#### RECORDS FOR THIS TASK:
______________________________

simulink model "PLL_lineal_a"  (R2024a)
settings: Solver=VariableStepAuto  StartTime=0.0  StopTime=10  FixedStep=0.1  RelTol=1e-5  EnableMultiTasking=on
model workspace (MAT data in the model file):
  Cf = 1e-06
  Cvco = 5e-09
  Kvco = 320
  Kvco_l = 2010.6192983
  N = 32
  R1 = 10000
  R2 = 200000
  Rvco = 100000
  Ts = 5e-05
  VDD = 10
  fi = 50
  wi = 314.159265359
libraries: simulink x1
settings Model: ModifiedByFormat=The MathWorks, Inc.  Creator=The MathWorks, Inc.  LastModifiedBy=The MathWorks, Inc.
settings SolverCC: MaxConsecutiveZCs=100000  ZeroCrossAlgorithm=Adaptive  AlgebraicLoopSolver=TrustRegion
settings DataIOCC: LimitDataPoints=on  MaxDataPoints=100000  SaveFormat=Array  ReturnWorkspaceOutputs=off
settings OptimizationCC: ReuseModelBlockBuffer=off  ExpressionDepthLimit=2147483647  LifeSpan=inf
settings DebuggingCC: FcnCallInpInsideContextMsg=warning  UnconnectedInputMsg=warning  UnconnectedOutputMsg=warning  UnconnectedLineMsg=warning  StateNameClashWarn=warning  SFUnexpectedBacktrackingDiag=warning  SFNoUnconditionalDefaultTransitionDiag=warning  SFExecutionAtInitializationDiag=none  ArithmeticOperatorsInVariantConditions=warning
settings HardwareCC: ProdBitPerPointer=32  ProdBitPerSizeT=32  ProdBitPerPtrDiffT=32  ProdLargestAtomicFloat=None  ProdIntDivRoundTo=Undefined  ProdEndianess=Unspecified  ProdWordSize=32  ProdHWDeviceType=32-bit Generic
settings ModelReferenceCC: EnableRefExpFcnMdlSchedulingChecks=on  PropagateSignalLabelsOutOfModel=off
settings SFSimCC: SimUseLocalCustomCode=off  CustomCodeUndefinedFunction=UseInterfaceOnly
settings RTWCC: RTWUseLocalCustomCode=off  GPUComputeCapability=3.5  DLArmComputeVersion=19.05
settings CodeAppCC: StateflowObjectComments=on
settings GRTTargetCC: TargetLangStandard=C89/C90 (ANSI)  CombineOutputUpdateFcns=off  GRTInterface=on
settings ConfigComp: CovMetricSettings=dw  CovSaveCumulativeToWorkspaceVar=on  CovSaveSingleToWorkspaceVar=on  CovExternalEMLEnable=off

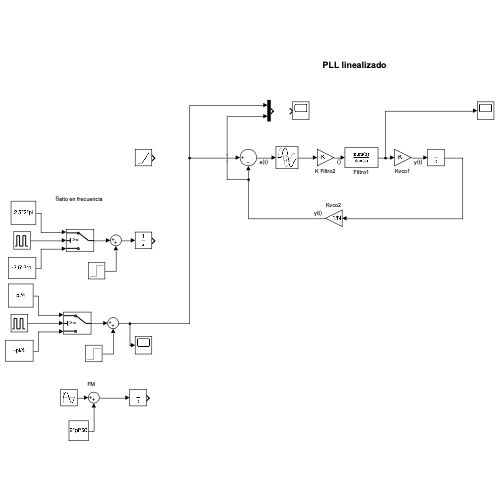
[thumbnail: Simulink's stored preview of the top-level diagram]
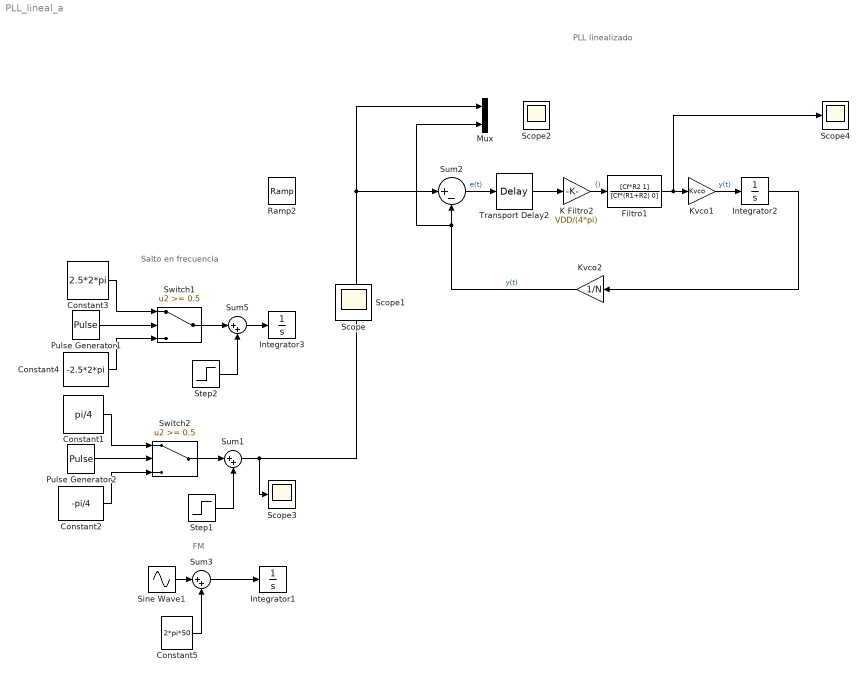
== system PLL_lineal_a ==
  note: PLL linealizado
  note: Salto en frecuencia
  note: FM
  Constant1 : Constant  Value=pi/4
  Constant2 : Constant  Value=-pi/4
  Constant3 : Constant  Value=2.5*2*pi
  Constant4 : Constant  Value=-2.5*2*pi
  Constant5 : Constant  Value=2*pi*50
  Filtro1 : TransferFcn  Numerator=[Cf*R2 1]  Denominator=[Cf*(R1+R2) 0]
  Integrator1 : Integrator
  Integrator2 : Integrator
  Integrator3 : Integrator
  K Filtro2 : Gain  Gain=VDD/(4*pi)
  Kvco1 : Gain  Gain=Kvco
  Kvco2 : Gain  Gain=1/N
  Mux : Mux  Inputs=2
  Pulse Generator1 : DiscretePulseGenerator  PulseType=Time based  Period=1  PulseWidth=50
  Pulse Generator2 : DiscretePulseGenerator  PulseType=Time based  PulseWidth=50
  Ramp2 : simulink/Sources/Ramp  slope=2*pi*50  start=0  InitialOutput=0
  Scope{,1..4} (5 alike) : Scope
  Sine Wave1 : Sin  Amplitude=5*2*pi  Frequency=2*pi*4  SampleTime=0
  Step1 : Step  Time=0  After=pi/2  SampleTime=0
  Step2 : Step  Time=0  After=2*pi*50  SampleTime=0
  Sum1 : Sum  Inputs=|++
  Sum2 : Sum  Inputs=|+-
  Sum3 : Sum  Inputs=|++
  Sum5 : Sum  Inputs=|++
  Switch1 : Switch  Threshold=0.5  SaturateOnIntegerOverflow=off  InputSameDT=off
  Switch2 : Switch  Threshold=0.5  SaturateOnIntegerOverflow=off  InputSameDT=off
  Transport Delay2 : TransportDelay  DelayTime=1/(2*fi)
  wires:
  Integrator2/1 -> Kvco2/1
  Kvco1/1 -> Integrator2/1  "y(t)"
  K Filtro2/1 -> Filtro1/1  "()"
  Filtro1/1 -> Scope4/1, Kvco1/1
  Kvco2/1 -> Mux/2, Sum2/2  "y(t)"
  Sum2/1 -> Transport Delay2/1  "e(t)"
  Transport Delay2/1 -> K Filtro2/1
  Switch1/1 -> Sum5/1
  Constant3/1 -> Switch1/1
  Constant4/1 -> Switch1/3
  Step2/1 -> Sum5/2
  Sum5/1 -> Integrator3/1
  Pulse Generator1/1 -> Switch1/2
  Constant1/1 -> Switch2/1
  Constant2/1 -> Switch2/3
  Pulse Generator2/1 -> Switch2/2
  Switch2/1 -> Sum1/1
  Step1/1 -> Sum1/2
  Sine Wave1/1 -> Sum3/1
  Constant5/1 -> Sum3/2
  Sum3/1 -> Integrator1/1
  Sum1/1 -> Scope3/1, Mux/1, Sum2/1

______________________________

Leave the images out. Set down all of the material above exactly.

simulink model "PLL_lineal_a"  (R2024a)
settings: Solver=VariableStepAuto  StartTime=0.0  StopTime=10  FixedStep=0.1  RelTol=1e-5  EnableMultiTasking=on
model workspace (MAT data in the model file):
  Cf = 1e-06
  Cvco = 5e-09
  Kvco = 320
  Kvco_l = 2010.6192983
  N = 32
  R1 = 10000
  R2 = 200000
  Rvco = 100000
  Ts = 5e-05
  VDD = 10
  fi = 50
  wi = 314.159265359
libraries: simulink x1
settings Model: ModifiedByFormat=The MathWorks, Inc.  Creator=The MathWorks, Inc.  LastModifiedBy=The MathWorks, Inc.
settings SolverCC: MaxConsecutiveZCs=100000  ZeroCrossAlgorithm=Adaptive  AlgebraicLoopSolver=TrustRegion
settings DataIOCC: LimitDataPoints=on  MaxDataPoints=100000  SaveFormat=Array  ReturnWorkspaceOutputs=off
settings OptimizationCC: ReuseModelBlockBuffer=off  ExpressionDepthLimit=2147483647  LifeSpan=inf
settings DebuggingCC: FcnCallInpInsideContextMsg=warning  UnconnectedInputMsg=warning  UnconnectedOutputMsg=warning  UnconnectedLineMsg=warning  StateNameClashWarn=warning  SFUnexpectedBacktrackingDiag=warning  SFNoUnconditionalDefaultTransitionDiag=warning  SFExecutionAtInitializationDiag=none  ArithmeticOperatorsInVariantConditions=warning
settings HardwareCC: ProdBitPerPointer=32  ProdBitPerSizeT=32  ProdBitPerPtrDiffT=32  ProdLargestAtomicFloat=None  ProdIntDivRoundTo=Undefined  ProdEndianess=Unspecified  ProdWordSize=32  ProdHWDeviceType=32-bit Generic
settings ModelReferenceCC: EnableRefExpFcnMdlSchedulingChecks=on  PropagateSignalLabelsOutOfModel=off
settings SFSimCC: SimUseLocalCustomCode=off  CustomCodeUndefinedFunction=UseInterfaceOnly
settings RTWCC: RTWUseLocalCustomCode=off  GPUComputeCapability=3.5  DLArmComputeVersion=19.05
settings CodeAppCC: StateflowObjectComments=on
settings GRTTargetCC: TargetLangStandard=C89/C90 (ANSI)  CombineOutputUpdateFcns=off  GRTInterface=on
settings ConfigComp: CovMetricSettings=dw  CovSaveCumulativeToWorkspaceVar=on  CovSaveSingleToWorkspaceVar=on  CovExternalEMLEnable=off

[thumbnail: Simulink's stored preview of the top-level diagram]
== system PLL_lineal_a ==
  note: PLL linealizado
  note: Salto en frecuencia
  note: FM
  Constant1 : Constant  Value=pi/4
  Constant2 : Constant  Value=-pi/4
  Constant3 : Constant  Value=2.5*2*pi
  Constant4 : Constant  Value=-2.5*2*pi
  Constant5 : Constant  Value=2*pi*50
  Filtro1 : TransferFcn  Numerator=[Cf*R2 1]  Denominator=[Cf*(R1+R2) 0]
  Integrator1 : Integrator
  Integrator2 : Integrator
  Integrator3 : Integrator
  K Filtro2 : Gain  Gain=VDD/(4*pi)
  Kvco1 : Gain  Gain=Kvco
  Kvco2 : Gain  Gain=1/N
  Mux : Mux  Inputs=2
  Pulse Generator1 : DiscretePulseGenerator  PulseType=Time based  Period=1  PulseWidth=50
  Pulse Generator2 : DiscretePulseGenerator  PulseType=Time based  PulseWidth=50
  Ramp2 : simulink/Sources/Ramp  slope=2*pi*50  start=0  InitialOutput=0
  Scope{,1..4} (5 alike) : Scope
  Sine Wave1 : Sin  Amplitude=5*2*pi  Frequency=2*pi*4  SampleTime=0
  Step1 : Step  Time=0  After=pi/2  SampleTime=0
  Step2 : Step  Time=0  After=2*pi*50  SampleTime=0
  Sum1 : Sum  Inputs=|++
  Sum2 : Sum  Inputs=|+-
  Sum3 : Sum  Inputs=|++
  Sum5 : Sum  Inputs=|++
  Switch1 : Switch  Threshold=0.5  SaturateOnIntegerOverflow=off  InputSameDT=off
  Switch2 : Switch  Threshold=0.5  SaturateOnIntegerOverflow=off  InputSameDT=off
  Transport Delay2 : TransportDelay  DelayTime=1/(2*fi)
  wires:
  Integrator2/1 -> Kvco2/1
  Kvco1/1 -> Integrator2/1  "y(t)"
  K Filtro2/1 -> Filtro1/1  "()"
  Filtro1/1 -> Scope4/1, Kvco1/1
  Kvco2/1 -> Mux/2, Sum2/2  "y(t)"
  Sum2/1 -> Transport Delay2/1  "e(t)"
  Transport Delay2/1 -> K Filtro2/1
  Switch1/1 -> Sum5/1
  Constant3/1 -> Switch1/1
  Constant4/1 -> Switch1/3
  Step2/1 -> Sum5/2
  Sum5/1 -> Integrator3/1
  Pulse Generator1/1 -> Switch1/2
  Constant1/1 -> Switch2/1
  Constant2/1 -> Switch2/3
  Pulse Generator2/1 -> Switch2/2
  Switch2/1 -> Sum1/1
  Step1/1 -> Sum1/2
  Sine Wave1/1 -> Sum3/1
  Constant5/1 -> Sum3/2
  Sum3/1 -> Integrator1/1
  Sum1/1 -> Scope3/1, Mux/1, Sum2/1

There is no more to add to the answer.